#1: A Fresh Start: Experience Harmony

Our journey together will span a host of topics: harmonics (aka overtones, partials), pure tones (aka sine waves), traditional harmony (tonic, dominant, voice leading, etc.), psychology, and a small touch of math and physics. I will assume a minimal understanding of music notation, but much will be self-explanatory, even if you don’t read music well.

I’d love to start at the beginning, but the problem with that route is that would take a long while to get to somewhere practical. This would be fine if I were teaching a semester long course, but for a drop-by-as-you-please blog, I feel I need to start towards the end and work our way backwards.

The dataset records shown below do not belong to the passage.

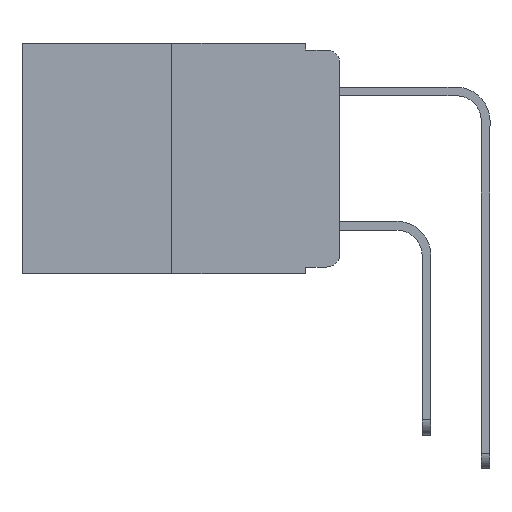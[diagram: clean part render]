
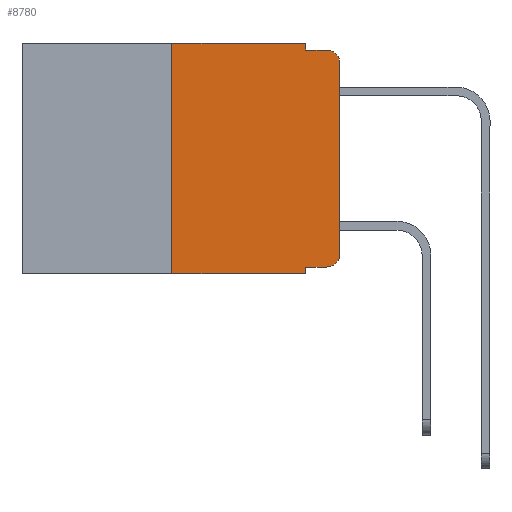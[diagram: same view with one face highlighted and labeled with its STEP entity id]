
A CAD part, left-side view. The second image highlights one B-rep face of the part: STEP entity #8780.
In plain terms, the highlighted planar face has unit normal (-1, 0, 0).
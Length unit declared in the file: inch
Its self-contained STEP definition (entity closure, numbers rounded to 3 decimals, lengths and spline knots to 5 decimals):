
#59 = VERTEX_POINT ( 'NONE', #3711 ) ;
#158 = VECTOR ( 'NONE', #4470, 39.37008 ) ;
#255 = DIRECTION ( 'NONE',  ( 0., 0., -1. ) ) ;
#367 = DIRECTION ( 'NONE',  ( 0., 0., -1. ) ) ;
#1039 = CARTESIAN_POINT ( 'NONE',  ( 0., 0.051, -0.01 ) ) ;
#1134 = LINE ( 'NONE', #12113, #1515 ) ;
#1308 = LINE ( 'NONE', #9074, #10703 ) ;
#1515 = VECTOR ( 'NONE', #367, 39.37008 ) ;
#1615 = LINE ( 'NONE', #4549, #13292 ) ;
#1960 = DIRECTION ( 'NONE',  ( 0., 0., 1. ) ) ;
#2012 = DIRECTION ( 'NONE',  ( -1., 0., 0. ) ) ;
#2083 = VERTEX_POINT ( 'NONE', #13262 ) ;
#2281 = DIRECTION ( 'NONE',  ( 0., -1., 0. ) ) ;
#2284 = LINE ( 'NONE', #9233, #8231 ) ;
#2569 = ORIENTED_EDGE ( 'NONE', *, *, #5013, .T. ) ;
#2573 = CARTESIAN_POINT ( 'NONE',  ( 0., 0.473, 0. ) ) ;
#3114 = ORIENTED_EDGE ( 'NONE', *, *, #7269, .F. ) ;
#3270 = VECTOR ( 'NONE', #5483, 39.37008 ) ;
#3467 = VECTOR ( 'NONE', #14346, 39.37008 ) ;
#3666 = ORIENTED_EDGE ( 'NONE', *, *, #6000, .F. ) ;
#3711 = CARTESIAN_POINT ( 'NONE',  ( 0., 0.25, -0.343 ) ) ;
#3911 = AXIS2_PLACEMENT_3D ( 'NONE', #9136, #2012, #10263 ) ;
#4214 = ORIENTED_EDGE ( 'NONE', *, *, #4797, .F. ) ;
#4291 = CARTESIAN_POINT ( 'NONE',  ( 0., 0.25, 0. ) ) ;
#4322 = CARTESIAN_POINT ( 'NONE',  ( 0., 0.02, -0.03 ) ) ;
#4470 = DIRECTION ( 'NONE',  ( 0., -1., 0. ) ) ;
#4549 = CARTESIAN_POINT ( 'NONE',  ( 0., 0.051, -0.333 ) ) ;
#4797 = EDGE_CURVE ( 'NONE', #13849, #8151, #1134, .T. ) ;
#4871 = CARTESIAN_POINT ( 'NONE',  ( 0., 0., -0.03 ) ) ;
#4902 = PLANE ( 'NONE',  #8077 ) ;
#5013 = EDGE_CURVE ( 'NONE', #2083, #12162, #1308, .T. ) ;
#5483 = DIRECTION ( 'NONE',  ( 0., 0., 1. ) ) ;
#5524 = DIRECTION ( 'NONE',  ( 0., 0., -1. ) ) ;
#6000 = EDGE_CURVE ( 'NONE', #6590, #13849, #9615, .T. ) ;
#6093 = LINE ( 'NONE', #12098, #3467 ) ;
#6144 = CARTESIAN_POINT ( 'NONE',  ( 0., 0.02, -0.01 ) ) ;
#6302 = ORIENTED_EDGE ( 'NONE', *, *, #8257, .T. ) ;
#6590 = VERTEX_POINT ( 'NONE', #6793 ) ;
#6793 = CARTESIAN_POINT ( 'NONE',  ( 0., 0.25, 0. ) ) ;
#6828 = EDGE_LOOP ( 'NONE', ( #2569, #6302, #3114, #4214, #3666, #13722, #14591, #10012, #12701, #13752 ) ) ;
#7088 = CARTESIAN_POINT ( 'NONE',  ( 0., 0.051, -0.333 ) ) ;
#7269 = EDGE_CURVE ( 'NONE', #8151, #12727, #9402, .T. ) ;
#7300 = EDGE_CURVE ( 'NONE', #7944, #7658, #1615, .T. ) ;
#7374 = DIRECTION ( 'NONE',  ( 1., 0., 0. ) ) ;
#7658 = VERTEX_POINT ( 'NONE', #10017 ) ;
#7944 = VERTEX_POINT ( 'NONE', #7088 ) ;
#8077 = AXIS2_PLACEMENT_3D ( 'NONE', #2573, #7374, #255 ) ;
#8148 = DIRECTION ( 'NONE',  ( 0., -1., 0. ) ) ;
#8151 = VERTEX_POINT ( 'NONE', #13424 ) ;
#8231 = VECTOR ( 'NONE', #10375, 39.37008 ) ;
#8257 = EDGE_CURVE ( 'NONE', #12162, #12727, #12726, .T. ) ;
#8293 = VECTOR ( 'NONE', #8148, 39.37008 ) ;
#8314 = VERTEX_POINT ( 'NONE', #9262 ) ;
#8780 = ADVANCED_FACE ( 'NONE', ( #14953 ), #4902, .F. ) ;
#9074 = CARTESIAN_POINT ( 'NONE',  ( 0., 0., 0. ) ) ;
#9136 = CARTESIAN_POINT ( 'NONE',  ( 0., 0.02, -0.313 ) ) ;
#9233 = CARTESIAN_POINT ( 'NONE',  ( 0., 0.051, 0. ) ) ;
#9262 = CARTESIAN_POINT ( 'NONE',  ( 0., 0.051, -0.343 ) ) ;
#9402 = LINE ( 'NONE', #1039, #8293 ) ;
#9615 = LINE ( 'NONE', #12675, #158 ) ;
#9961 = LINE ( 'NONE', #4291, #3270 ) ;
#10012 = ORIENTED_EDGE ( 'NONE', *, *, #14377, .F. ) ;
#10017 = CARTESIAN_POINT ( 'NONE',  ( 0., 0.02, -0.333 ) ) ;
#10263 = DIRECTION ( 'NONE',  ( 0., 0., -1. ) ) ;
#10375 = DIRECTION ( 'NONE',  ( 0., 0., -1. ) ) ;
#10629 = CARTESIAN_POINT ( 'NONE',  ( 0., 0.051, 0. ) ) ;
#10703 = VECTOR ( 'NONE', #1960, 39.37008 ) ;
#10749 = EDGE_CURVE ( 'NONE', #59, #8314, #6093, .T. ) ;
#10851 = EDGE_CURVE ( 'NONE', #59, #6590, #9961, .T. ) ;
#12098 = CARTESIAN_POINT ( 'NONE',  ( 0., 0.473, -0.343 ) ) ;
#12113 = CARTESIAN_POINT ( 'NONE',  ( 0., 0.051, 0. ) ) ;
#12162 = VERTEX_POINT ( 'NONE', #4871 ) ;
#12496 = AXIS2_PLACEMENT_3D ( 'NONE', #4322, #12538, #5524 ) ;
#12538 = DIRECTION ( 'NONE',  ( -1., 0., 0. ) ) ;
#12675 = CARTESIAN_POINT ( 'NONE',  ( 0., 0.473, 0. ) ) ;
#12701 = ORIENTED_EDGE ( 'NONE', *, *, #7300, .T. ) ;
#12726 = CIRCLE ( 'NONE', #12496, 0.02 ) ;
#12727 = VERTEX_POINT ( 'NONE', #6144 ) ;
#13262 = CARTESIAN_POINT ( 'NONE',  ( 0., 0., -0.313 ) ) ;
#13292 = VECTOR ( 'NONE', #2281, 39.37008 ) ;
#13424 = CARTESIAN_POINT ( 'NONE',  ( 0., 0.051, -0.01 ) ) ;
#13722 = ORIENTED_EDGE ( 'NONE', *, *, #10851, .F. ) ;
#13752 = ORIENTED_EDGE ( 'NONE', *, *, #14328, .T. ) ;
#13849 = VERTEX_POINT ( 'NONE', #10629 ) ;
#14328 = EDGE_CURVE ( 'NONE', #7658, #2083, #14962, .T. ) ;
#14346 = DIRECTION ( 'NONE',  ( 0., -1., 0. ) ) ;
#14377 = EDGE_CURVE ( 'NONE', #7944, #8314, #2284, .T. ) ;
#14591 = ORIENTED_EDGE ( 'NONE', *, *, #10749, .T. ) ;
#14953 = FACE_OUTER_BOUND ( 'NONE', #6828, .T. ) ;
#14962 = CIRCLE ( 'NONE', #3911, 0.02 ) ;

So, let’s start with a fun tuning exercise. This will require you to hum or sing along, so be prepared!


We’re going to just experience harmony. (I sometimes get caught doing this exercise when I brush my teeth.) Below is a recording of my electric toothbrush. Play the loop (speakers or headphone, or if your toothbrush sounds similar, it’s even better to use that!), and start humming or otherwise vocalize against the drone.

Sonic Toothbrush drone on C4 (Middle C) — Higher voices use this one!
Sonic Toothbrush drone on C3 — Lower voices use this one!

Now try the following:

  1. Match the pitch you hear as closely as you can.
  2. Now slide up above the pitch just a little, then down below the pitch a little. Note how it feels when your pitch “rubs” against the drone’s pitch.
  3. Now slide either up or down (choose one, whichever is more comfortable for you) much further than before. Do you feel the spots where your pitch “blends” more than it “rubs”?
  4. Keep going and find as many of “blending” spots as you can. If you find several, notice how they are similar to the other “blending” spots, but also notice how they differ.
  5. Find as many “rubbing” spots as you can. Make note of how these are similar and/or different from other “rubbing” spots.
  6. Sing a tune against the drone. Include notes that “blend” against the drone, but also try to include notes that “rub” against the drone.

You’ve just experienced harmony! It is a real phenomenon that you can feel—your voice interacting with some other pitch.


You probably found multiple “spots” where your voice “blends” with the drone, these are the basis of our musical notes. Most likely, you found the following music intervals (I’m listing which are most prevalent, not which order you encountered them): unison, octave, perfect fifth, perfect fourth, major third, and perhaps more, if you’re particularly attuned (pun intended) or have musical training.

Here’s a quick diagram hopefully analogous to what you just experienced:

The places that “blend” with the drone are some of the most basic musical intervals, and are found in almost all musics around the world—these intervals are not “inventions” so much as “discoveries” of physical realities. Note that there’s nothing “wrong” with the places that “rub”, either—exactly what pitches are useful in what contexts are aesthetic choices made by a composer, and heavily influenced by culture. But that’s another blog post!

Next Steps

We will spend much time on this blog further exploring the “blend” and “rub” phenomena, and I strongly encourage you to keep exploring these phenomena on your own. Keep humming! If you play an instrument, hum along against that, or play your instrument against the drone. Experience!